Biden è ben consapevole di rischiare una batosta alle elezioni del 2024, se non chiude almeno uno dei due conflitti in corso, quello tra Mosca e Kiev e quello in Medioriente: i cittadini americani sono stanchi del sostegno statunitense e vogliono vedere la luce in fondo al tunnel. E così, “Sleepy Joe”, o meglio, i suoi sherpa, hanno teso la mano a Xi Jinping, accettando il piano di pace cinese per l’Ucraina. “A convincere Zelensky ci pensiamo noi”, è stato il messaggio recapitato dagli americani.

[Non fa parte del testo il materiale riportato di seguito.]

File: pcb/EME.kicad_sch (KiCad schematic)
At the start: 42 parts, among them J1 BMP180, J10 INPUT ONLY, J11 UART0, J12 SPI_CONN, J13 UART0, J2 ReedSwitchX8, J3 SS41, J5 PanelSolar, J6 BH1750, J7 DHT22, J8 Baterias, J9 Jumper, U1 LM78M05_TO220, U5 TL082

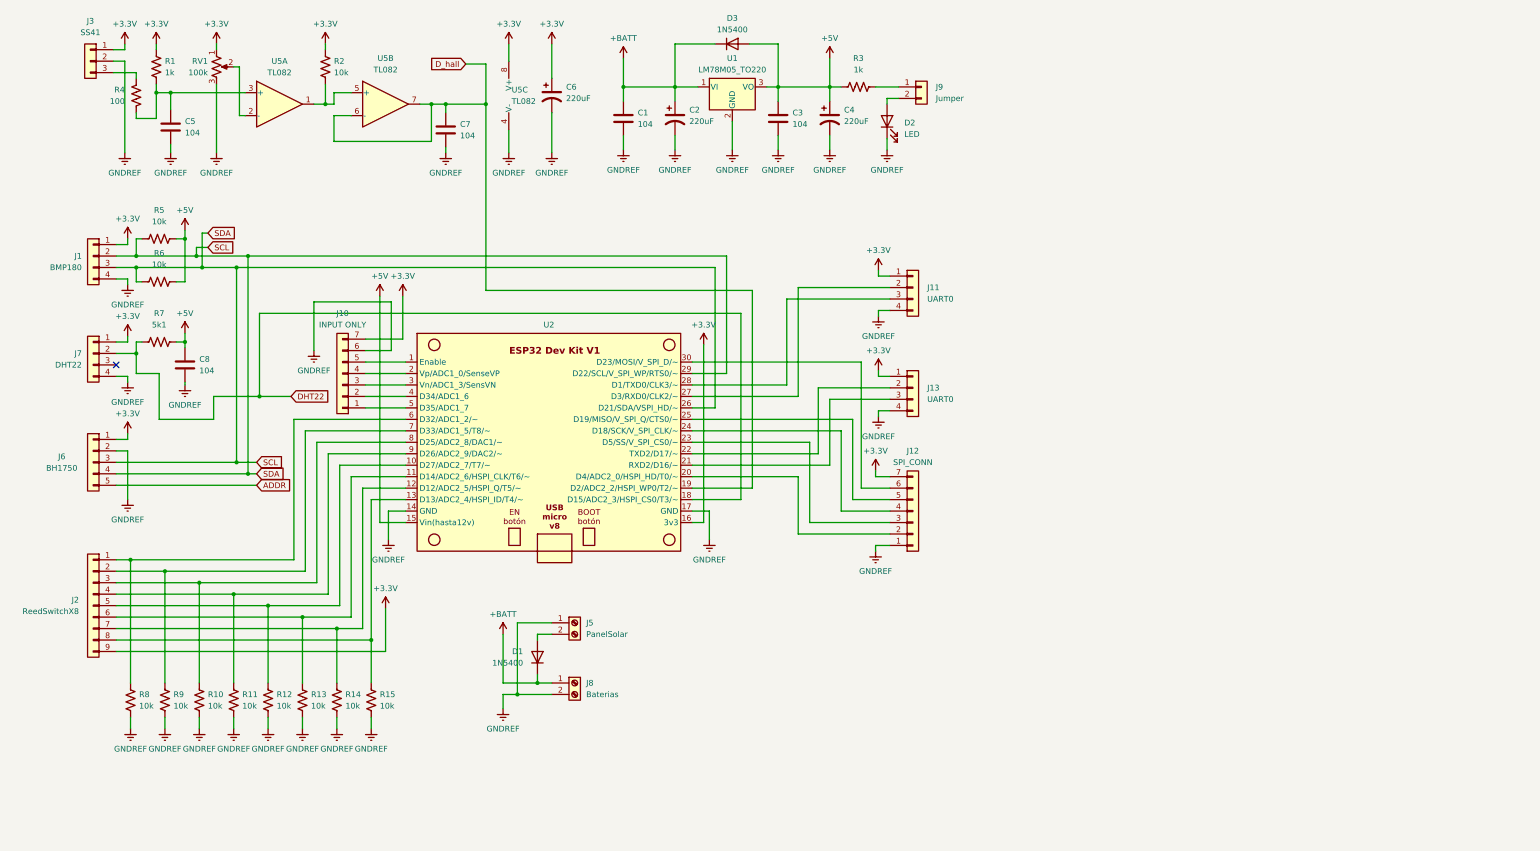
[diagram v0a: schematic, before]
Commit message: se agregaron ejemplos de los sensores y actualizo la PCB
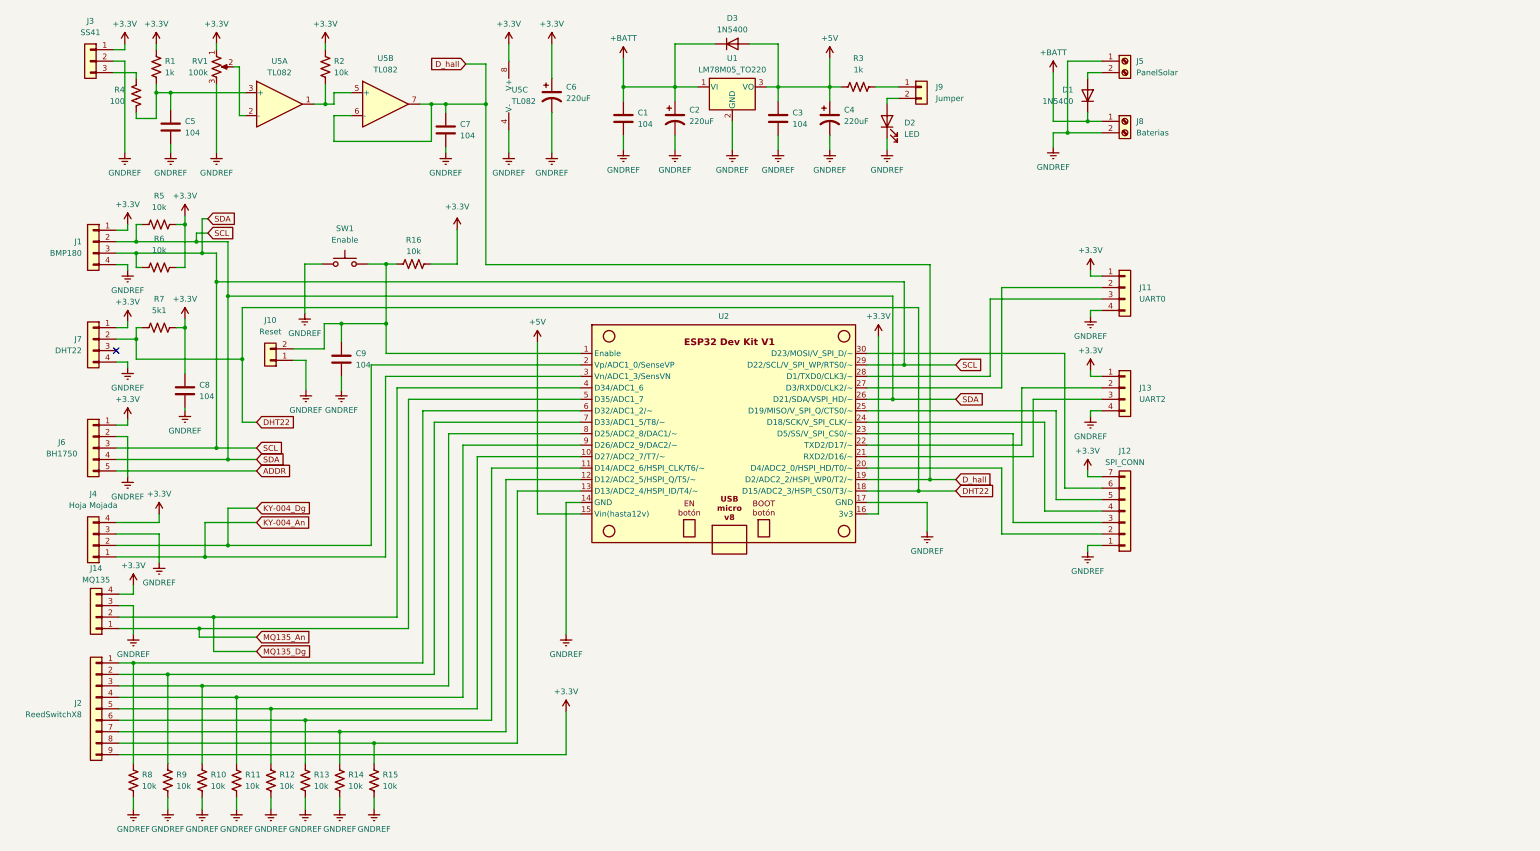
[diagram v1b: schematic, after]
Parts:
- removed J10: INPUT ONLY, Connector_PinHeader_2.54mm:PinHeader_1x07_P2.54mm_Vertical, symbol Connector_Generic:Conn_01x07
- added C9: 104, Capacitor_THT:C_Disc_D4.3mm_W1.9mm_P5.00mm, symbol Device:C
- added J10: Reset, Connector_PinHeader_2.54mm:PinHeader_1x02_P2.54mm_Vertical, symbol Connector_Generic:Conn_01x02
- added J14: MQ135, Connector_PinHeader_2.54mm:PinHeader_1x04_P2.54mm_Vertical, symbol Connector_Generic:Conn_01x04
- added J4: Hoja Mojada, Connector_PinHeader_2.54mm:PinHeader_1x04_P2.54mm_Vertical, symbol Connector_Generic:Conn_01x04
- added R16: 10k, Resistor_THT:R_Axial_DIN0207_L6.3mm_D2.5mm_P10.16mm_Horizontal, symbol Device:R_US
- added SW1: Enable, Button_Switch_THT:SW_PUSH_6mm_H8mm, symbol Switch:SW_Push
- J13: value UART0 -> UART2
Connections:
- net +3.3V: now also C8.1, R5.2, R6.2, R7.2, J14.4 (Pin_4), J4.4 (Pin_4), R16.1
- net +5V: no longer C8.1, R5.2, R6.2, R7.2
- net GNDREF: now also C9.2, J10.1 (Pin_1), J14.3 (Pin_3), J4.3 (Pin_3), SW1.1
- net at U2.1 (Enable): now also C9.1, J10.2 (Pin_2), R16.2, SW1.2
- net KY-004_Dg: now reaches U2.2 (Vp/ADC1_0/SenseVP)
- net KY-004_Dg: now also J4.2 (Pin_2)
- net KY-004_An: now reaches U2.3 (Vn/ADC1_3/SensVN)
- net KY-004_An: now also J4.1 (Pin_1)
- net MQ135_Dg: now reaches U2.4 (D34/ADC1_6)
- net MQ135_Dg: now also J14.2 (Pin_2)
- net MQ135_An: now reaches U2.5 (D35/ADC1_7)
- net MQ135_An: now also J14.1 (Pin_1)
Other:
- company: (none) -> ETec UM (Escuela Técnica de la Universidad de Mendoza)
- title: (none) -> Main Board EME (Estación Meteorológica Estática)
- moved on the sheet: C8, D1, J1, J11, J12, J13, J2, J5, J6, J7, J8, R10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

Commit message: Se armó diseño de PCB y se decoró esquemático
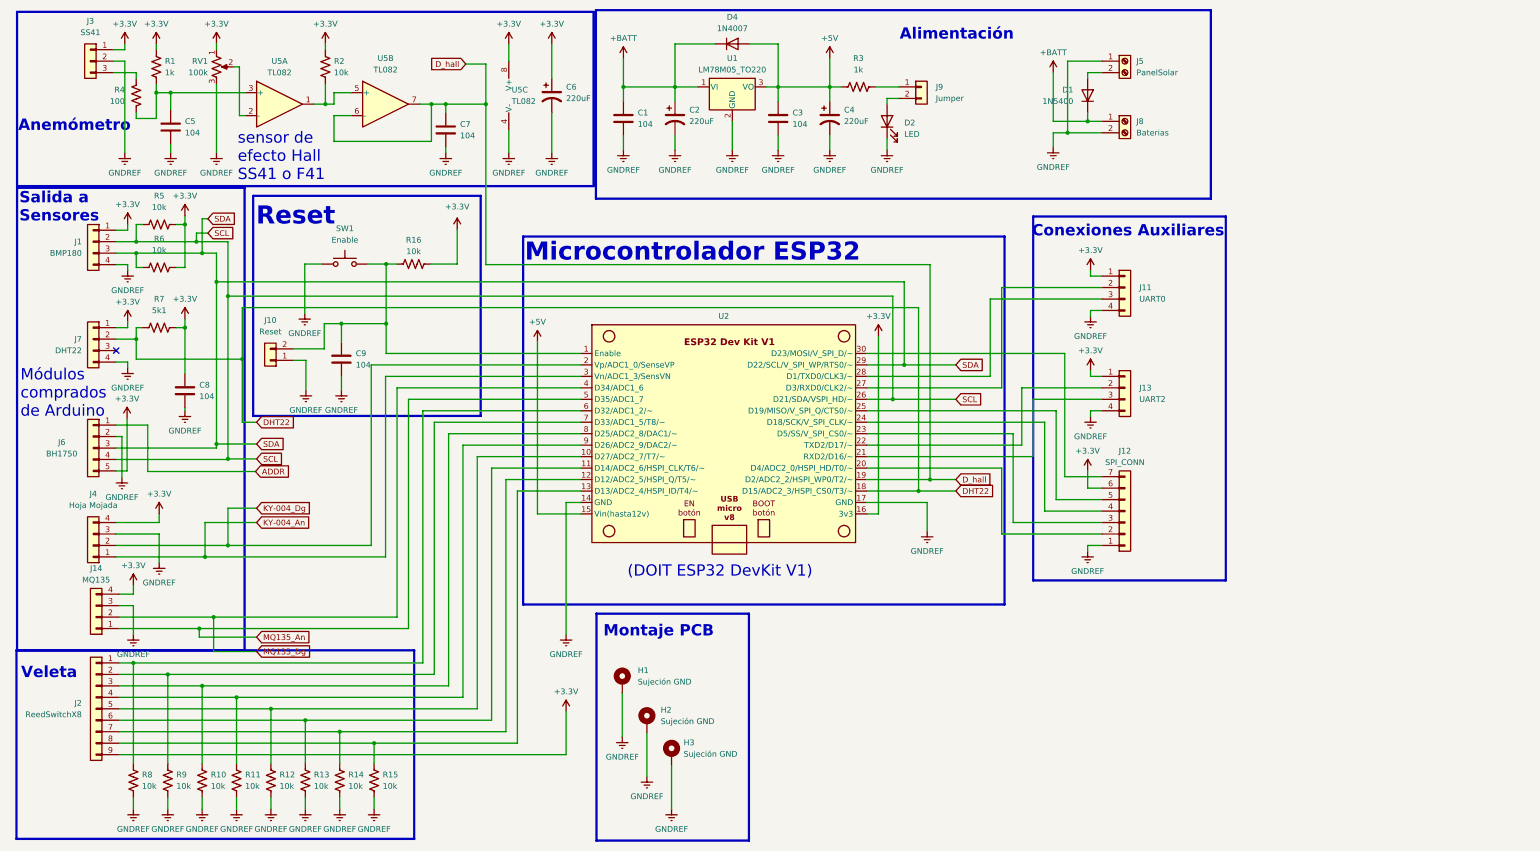
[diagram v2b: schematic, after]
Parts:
- removed D3: 1N5400, Diode_THT:D_DO-201AD_P15.24mm_Horizontal, symbol Diode:1N5400
- added D4: 1N4007, Diode_THT:D_DO-41_SOD81_P10.16mm_Horizontal, symbol Diode:1N4007
- added H1, H2, H3: Sujeción GND, MountingHole:MountingHole_3.2mm_M3_Pad_Via, symbol Mechanical:MountingHole_Pad_MP
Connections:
- net +3.3V: now also J12.6 (Pin_6), J6.5 (Pin_5); no longer J12.7 (Pin_7), J6.1 (Pin_1)
- net +5V: now also D4.2 (A)
- net +BATT: now also D4.1 (K)
- net ADDR: now also J6.1 (Pin_1); no longer J6.5 (Pin_5)
- net GNDREF: now also H1.MP, H2.MP, H3.MP
- net SCL: no longer J1.3 (Pin_3), J6.3 (Pin_3), R6.1, U2.29 (D22/SCL/V_SPI_WP/RTS0/~)
- net at U2.30 (D23/MOSI/V_SPI_D/~): now also J12.7 (Pin_7); no longer J12.6 (Pin_6)
- new net SDA: J1.3 (Pin_3), J6.3 (Pin_3), R6.1, U2.29 (D22/SCL/V_SPI_WP/RTS0/~)
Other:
- note added: "(DOIT ESP32 DevKit V1)"
- note added: "Alimentación"
- note added: "Anemómetro"
- note added: "Conexiones Auxiliares"
- note added: "Microcontrolador ESP32"
- note added: "Montaje PCB"
- note added: "Módulos comprados de Arduino"
- note added: "Reset"
- note added: "Salida a Sensores"
- note added: "Veleta"
- note added: "sensor de efecto Hall SS41 o F41"
- company: ETec UM (Escuela Técnica de la Universidad de Mendoza) -> ETec UM (Escuela Técnica de la Universidad de Mendoza).

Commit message: Add files via upload
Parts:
- removed J2: ReedSwitchX8, Connector_PinHeader_2.54mm:PinHeader_1x09_P2.54mm_Vertical, symbol Connector_Generic:Conn_01x09
- removed R10, R11, R12, R13, R14, R15, R8, R9: 10k, Resistor_THT:R_Axial_DIN0207_L6.3mm_D2.5mm_P10.16mm_Horizontal, symbol Device:R_US
- added J15: AS5600, Connector_PinHeader_2.54mm:PinHeader_1x05_P2.54mm_Vertical, symbol Connector_Generic:Conn_01x05
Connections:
- net +3.3V: now also J15.4 (Pin_4)
- net GNDREF: now also J15.5 (Pin_5)
- net SCL: now also J1.3 (Pin_3), J6.3 (Pin_3), R6.1, U2.29 (D22/SCL/V_SPI_WP/RTS0/~), J15.3 (Pin_3); no longer J1.2 (Pin_2), J6.4 (Pin_4), R5.1, U2.26 (D21/SDA/VSPI_HD/~)
- net SDA: now also J1.2 (Pin_2), J6.4 (Pin_4), R5.1, U2.26 (D21/SDA/VSPI_HD/~), J15.2 (Pin_2); no longer J1.3 (Pin_3), J6.3 (Pin_3), R6.1, U2.29 (D22/SCL/V_SPI_WP/RTS0/~)
- net at U2.6 (D32/ADC1_2/~): now also J15.1 (Pin_1)
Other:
- moved on the sheet: C1, C2, C3, C4, C5, C6, C7, C9, D1, D2, D4, H1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

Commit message: se actualizó la PCB
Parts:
- removed J11: UART0, Connector_PinHeader_2.54mm:PinHeader_1x04_P2.54mm_Vertical, symbol Connector_Generic:Conn_01x04
- removed J13: UART2, Connector_PinHeader_2.54mm:PinHeader_1x04_P2.54mm_Vertical, symbol Connector_Generic:Conn_01x04
- removed J15: AS5600, Connector_PinHeader_2.54mm:PinHeader_1x05_P2.54mm_Vertical, symbol Connector_Generic:Conn_01x05
- added D3: LED, LED_THT:LED_D5.0mm_Clear, symbol Device:LED
- added H4: Sujeción, MountingHole:MountingHole_3.2mm_M3_Pad_Via, symbol Mechanical:MountingHole_Pad_MP
- added J11: UART2, Connector_PinHeader_2.54mm:PinHeader_1x05_P2.54mm_Vertical, symbol Connector_Generic:Conn_01x05
- added J13: UART0, Connector_PinHeader_2.54mm:PinHeader_1x05_P2.54mm_Vertical, symbol Connector_Generic:Conn_01x05
- added J16: OUT, Connector_PinHeader_2.54mm:PinHeader_1x03_P2.54mm_Vertical, symbol Connector_Generic:Conn_01x03
- added J17: OE, Connector_PinHeader_2.54mm:PinHeader_1x03_P2.54mm_Vertical, symbol Connector_Generic:Conn_01x03
- added J18: GPIO's, Connector_PinHeader_2.54mm:PinHeader_1x05_P2.54mm_Vertical, symbol Connector_Generic:Conn_01x05
- added J19: I2C, Connector_PinHeader_2.54mm:PinHeader_1x05_P2.54mm_Vertical, symbol Connector_Generic:Conn_01x05
- added J2: ReedSwitchX8, Connector_PinHeader_2.54mm:PinHeader_1x09_P2.54mm_Vertical, symbol Connector_Generic:Conn_01x09
- added J20: Jumper, Connector_PinHeader_2.54mm:PinHeader_1x02_P2.54mm_Vertical, symbol Connector_Generic:Conn_01x02
- added Q1, Q2: IRF540N, Package_TO_SOT_THT:TO-220-3_Vertical, symbol Transistor_FET:IRF540N
- added R10, R11, R12, R13, R14, R15, R8, R9: 10k, Resistor_THT:R_Axial_DIN0207_L6.3mm_D2.5mm_P10.16mm_Horizontal, symbol Device:R_US
- added R17, R20, R24: 1k, Resistor_THT:R_Axial_DIN0207_L6.3mm_D2.5mm_P10.16mm_Horizontal, symbol Device:R_US
- added R18, R19, R21, R22, R23: 4k7, Resistor_THT:R_Axial_DIN0207_L6.3mm_D2.5mm_P10.16mm_Horizontal, symbol Device:R_US
- added U3: 74HC251, Package_DIP:DIP-16_W7.62mm_LongPads, symbol Connector_Generic:Conn_02x08_Counter_Clockwise
- H1, H2, H3: value Sujeción GND -> Sujeción
- J5: footprint TerminalBlock_Phoenix:TerminalBlock_Phoenix_MPT-0,5-2-2.54_1x02_P2.54mm_Horizontal -> TerminalBlock_Phoenix:TerminalBlock_Phoenix_PT-1,5-2-3.5-H_1x02_P3.50mm_Horizontal
- J8: footprint TerminalBlock_Phoenix:TerminalBlock_Phoenix_MPT-0,5-2-2.54_1x02_P2.54mm_Horizontal -> TerminalBlock_Phoenix:TerminalBlock_Phoenix_PT-1,5-2-5.0-H_1x02_P5.00mm_Horizontal
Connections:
- net +3.3V: now also J12.7 (Pin_7), R16.2, J11.5 (Pin_5), J13.5 (Pin_5), J17.3 (Pin_3), J18.1 (Pin_1), J19.4 (Pin_4), U3.16 (Pin_16); no longer J12.6 (Pin_6), R16.1
- net +5V: now also J12.6 (Pin_6), J11.4 (Pin_4), J13.4 (Pin_4), J19.5 (Pin_5)
- net +BATT: now also R24.1
- net GNDREF: now also D3.1 (K), H4.MP, Q1.3 (S), Q2.3 (S), R18.1, R19.1; no longer C5.2, C6.2, C7.2, J1.4 (Pin_4), J12.1 (Pin_1), J14.3 (Pin_3), J3.2 (Pin_2), J4.3 (Pin_3), J6.2 (Pin_2), J7.4 (Pin_4), RV1.3, U5.4 (V-)
- net SCL: now also J1.2 (Pin_2), J6.4 (Pin_4), R5.1, J19.3 (Pin_3); no longer J1.3 (Pin_3), J6.3 (Pin_3), R6.1
- net SDA: now also J1.3 (Pin_3), J6.3 (Pin_3), R6.1, J19.2 (Pin_2); no longer J1.2 (Pin_2), J6.4 (Pin_4), R5.1
- net GPIO4: now reaches U2.20 (D4/ADC2_0/HSPI_HD/T0/~)
- net GPIO4: now also J18.4 (Pin_4), R23.2; no longer J12.2 (Pin_2)
- net MOSI: now reaches J12.3 (Pin_3)
- net MOSI: now also U2.30 (D23/MOSI/V_SPI_D/~); no longer U2.23 (D5/SS/V_SPI_CS0/~)
- net MISO: now reaches J12.4 (Pin_4)
- net MISO: now also U2.25 (D19/MISO/V_SPI_Q/CTS0/~); no longer U2.24 (D18/SCK/V_SPI_CLK/~)
- net GND_G2: now reaches J12.5 (Pin_5)
- net GND_G2: now also J11.1 (Pin_1), J13.1 (Pin_1), J18.5 (Pin_5), J19.1 (Pin_1), Q2.2 (D), R21.1, R22.1, R23.1; no longer U2.25 (D19/MISO/V_SPI_Q/CTS0/~)
- net at C5.1, R1.2, U5.3 (+): now also R4.1; no longer R4.2
- net Rest: now reaches C9.1, J10.2 (Pin_2), SW1.2, U2.1 (Enable)
- net Rest: now also R16.1; no longer R16.2
- net RX0: now reaches U2.27 (D3/RXD0/CLK2/~)
- net RX0: now also J13.2 (Pin_2)
- net TX0: now reaches U2.28 (D1/TXD0/CLK3/~)
- net TX0: now also J13.3 (Pin_3)
- net at J3.3 (Pin_3): now also R4.2; no longer R4.1
- net G2: now reaches U2.10 (D27/ADC2_7/T7/~)
- net G2: now also R20.2
- net G1: now reaches U2.11 (D14/ADC2_6/HSPI_CLK/T6/~)
- net G1: now also R17.2
- net GPIO12: now reaches U2.12 (D12/ADC2_5/HSPI_Q/T5/~)
- net GPIO12: now also J18.2 (Pin_2), R21.2
- net GPIO13: now reaches U2.13 (D13/ADC2_4/HSPI_ID/T4/~)
- net GPIO13: now also J18.3 (Pin_3), R22.2
- net RX2: now reaches U2.21 (RXD2/D16/~)
- net RX2: now also J11.2 (Pin_2)
- net TX2: now reaches U2.22 (TXD2/D17/~)
- net TX2: now also J11.3 (Pin_3)
- net S0: now reaches U2.6 (D32/ADC1_2/~)
- net S0: now also U3.11 (Pin_11)
- net S1: now reaches U2.7 (D33/ADC1_5/T8/~)
- net S1: now also U3.10 (Pin_10)
- net S2: now reaches U2.8 (D25/ADC2_8/DAC1/~)
- net S2: now also U3.9 (Pin_9)
- net Y: now reaches U2.9 (D26/ADC2_9/DAC2/~)
- net Y: now also J16.2 (Pin_2)
- new net: J2.3 (Pin_3), R10.1, U3.14 (Pin_14)
- new net: Q1.1 (G), R17.1, R18.2
- new net: J2.4 (Pin_4), R11.1, U3.15 (Pin_15)
- new net: J2.8 (Pin_8), R15.1, U3.4 (Pin_4)
- new net: J2.2 (Pin_2), R9.1, U3.13 (Pin_13)
- new net: J2.6 (Pin_6), R13.1, U3.2 (Pin_2)
- new net: J2.1 (Pin_1), R8.1, U3.12 (Pin_12)
- new net: Q2.1 (G), R19.2, R20.1
- new net: J2.7 (Pin_7), R14.1, U3.3 (Pin_3)
- new net: J20.1 (Pin_1), R24.2
- new net: D3.2 (A), J20.2 (Pin_2)
- new net: J2.5 (Pin_5), R12.1, U3.1 (Pin_1)
- new net: J16.1 (Pin_1), U3.5 (Pin_5)
- new net: J16.3 (Pin_3), U3.6 (Pin_6)
- new net: J17.2 (Pin_2), U3.7 (Pin_7)
- new net GND_G1: C5.2, C6.2, C7.2, J1.4 (Pin_4), J14.3 (Pin_3), J17.1 (Pin_1), J2.9 (Pin_9), J3.2 (Pin_2), J4.3 (Pin_3), J6.2 (Pin_2), J7.4 (Pin_4), Q1.2 (D), R10.2, R11.2, R12.2, R13.2, R14.2, R15.2, R8.2, R9.2, RV1.3, U3.8 (Pin_8), U5.4 (V-)
- new net SCK: J12.2 (Pin_2), U2.24 (D18/SCK/V_SPI_CLK/~)
- new net SS: J12.1 (Pin_1), U2.23 (D5/SS/V_SPI_CS0/~)
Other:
- note added: "Cada Bus de "GND_Gx" es usado para poder alimentar o dejar de alimentar los sensores o conjunto de los mismos"
- note added: "El microcontrolador ESP32 en su placa de desarrollo de 30 terminales de conexión, modelo <DOIT DevKit V1> es el que se implementa en este proyecto, contemplando que sus GPIO mayormente funcionan con 3v3 se decidió por colocar un módulo level shiffter de 8 canales para las comunicaciones externas, cómo GPS, GRMS, LCD(5v), lector uSD, etc."
- note added: "GND Gx"
- moved on the sheet: C1, C2, C3, C4, C5, C6, C7, C8, C9, D1, D2, D4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

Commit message: se actualizó la PCB
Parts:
- J5: footprint TerminalBlock_Phoenix:TerminalBlock_Phoenix_PT-1,5-2-3.5-H_1x02_P3.50mm_Horizontal -> TerminalBlock_Phoenix:TerminalBlock_Phoenix_PT-1,5-2-5.0-H_1x02_P5.00mm_Horizontal
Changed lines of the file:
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@@
 			)
 		)
-		(property "Footprint" "TerminalBlock_Phoenix:TerminalBlock_Phoenix_PT-1,5-2-3.5-H_1x02_P3.50mm_Horizontal"
+		(property "Footprint" "TerminalBlock_Phoenix:TerminalBlock_Phoenix_PT-1,5-2-5.0-H_1x02_P5.00mm_Horizontal"
 			(at 245.11 25.4 0)
 			(effects

Oltre al ramoscello d’ulivo sull’Ucraina, un altro segnale fondamentale del disgelo è stato l’impegno a riaprire i canali di comunicazioni militari cosiddetti “mil to mil”, che la Cina aveva deciso di chiudere dopo la visita a Taiwan dell’allora speaker della Camera, Nancy Pelosi, nell’agosto del 2022. È una notizia importante, perché prelude alla volontà di tenere più lontano possibile un conflitto diretto: le intelligence ricominceranno a parlarsi, e così facendo si stemperano le tensioni e si crea un nuovo clima di fiducia. Importante anche l’intesa sulla limitazione della produzione illecita del Fentanyl e, soprattutto, quella sul clima.
xi jinping mohammed bin salman 2
Anche su questo, i due Paesi riprendono il dialogo dopo anni di dispetti e tensioni: ora l’inviato americano per il clima, John Kerry, potrà riprendere le discussioni e le trattative con l’omologo cinese, Xie Zhenhua.
Poi c’è la questione Medioriente: particolarmente interessati all’esito dell’incontro erano il principe ereditario saudita, Mohammed Bin Salman, e l’ayatollah iraniano Khamenei, i due nemici storici che qualche mese fa hanno ricominciato a parlarsi, proprio grazie alla mediazione cinese, e che da anni si fanno la guerra per interposta persona (i ribelli Houthi finanziati da Teheran) in Yemen.
vertice cina usa a san francisco
Anche sulla polveriera Gaza, Biden e Xi Jinping hanno raggiunto un accordo di massima: Pechino farà una “moral suasion” sull’Iran affinché non entri in guerra a fianco di Hamas, contro Israele. Inoltre, la Cina si farà promotrice di un dialogo tra il regime teocratico e Riad per aprire un negoziato e risolvere, una volta per tutte, la questione Yemen.
Un all-in per Biden: se tutti i tasselli vanno a posto, potrebbe riuscire a chiudere tre conflitti prima di andare al voto, e provare a capitalizzare alle urne il ruolo di grande pacificatore mondiale. Xi Jinping, invece, ha un bisogno disperato dei dollari americani per provare a portare la Cina fuori dalla drammatica crisi economica che, partita dall’immobiliare, si sta allargando a macchia d’olio a tutti gli altri settori: non a caso, dopo il colloquio con Biden, è andato a cena con Elon Musk e i ceo delle più grandi aziende americane, per convincerli a tornare a investire nel suo Paese.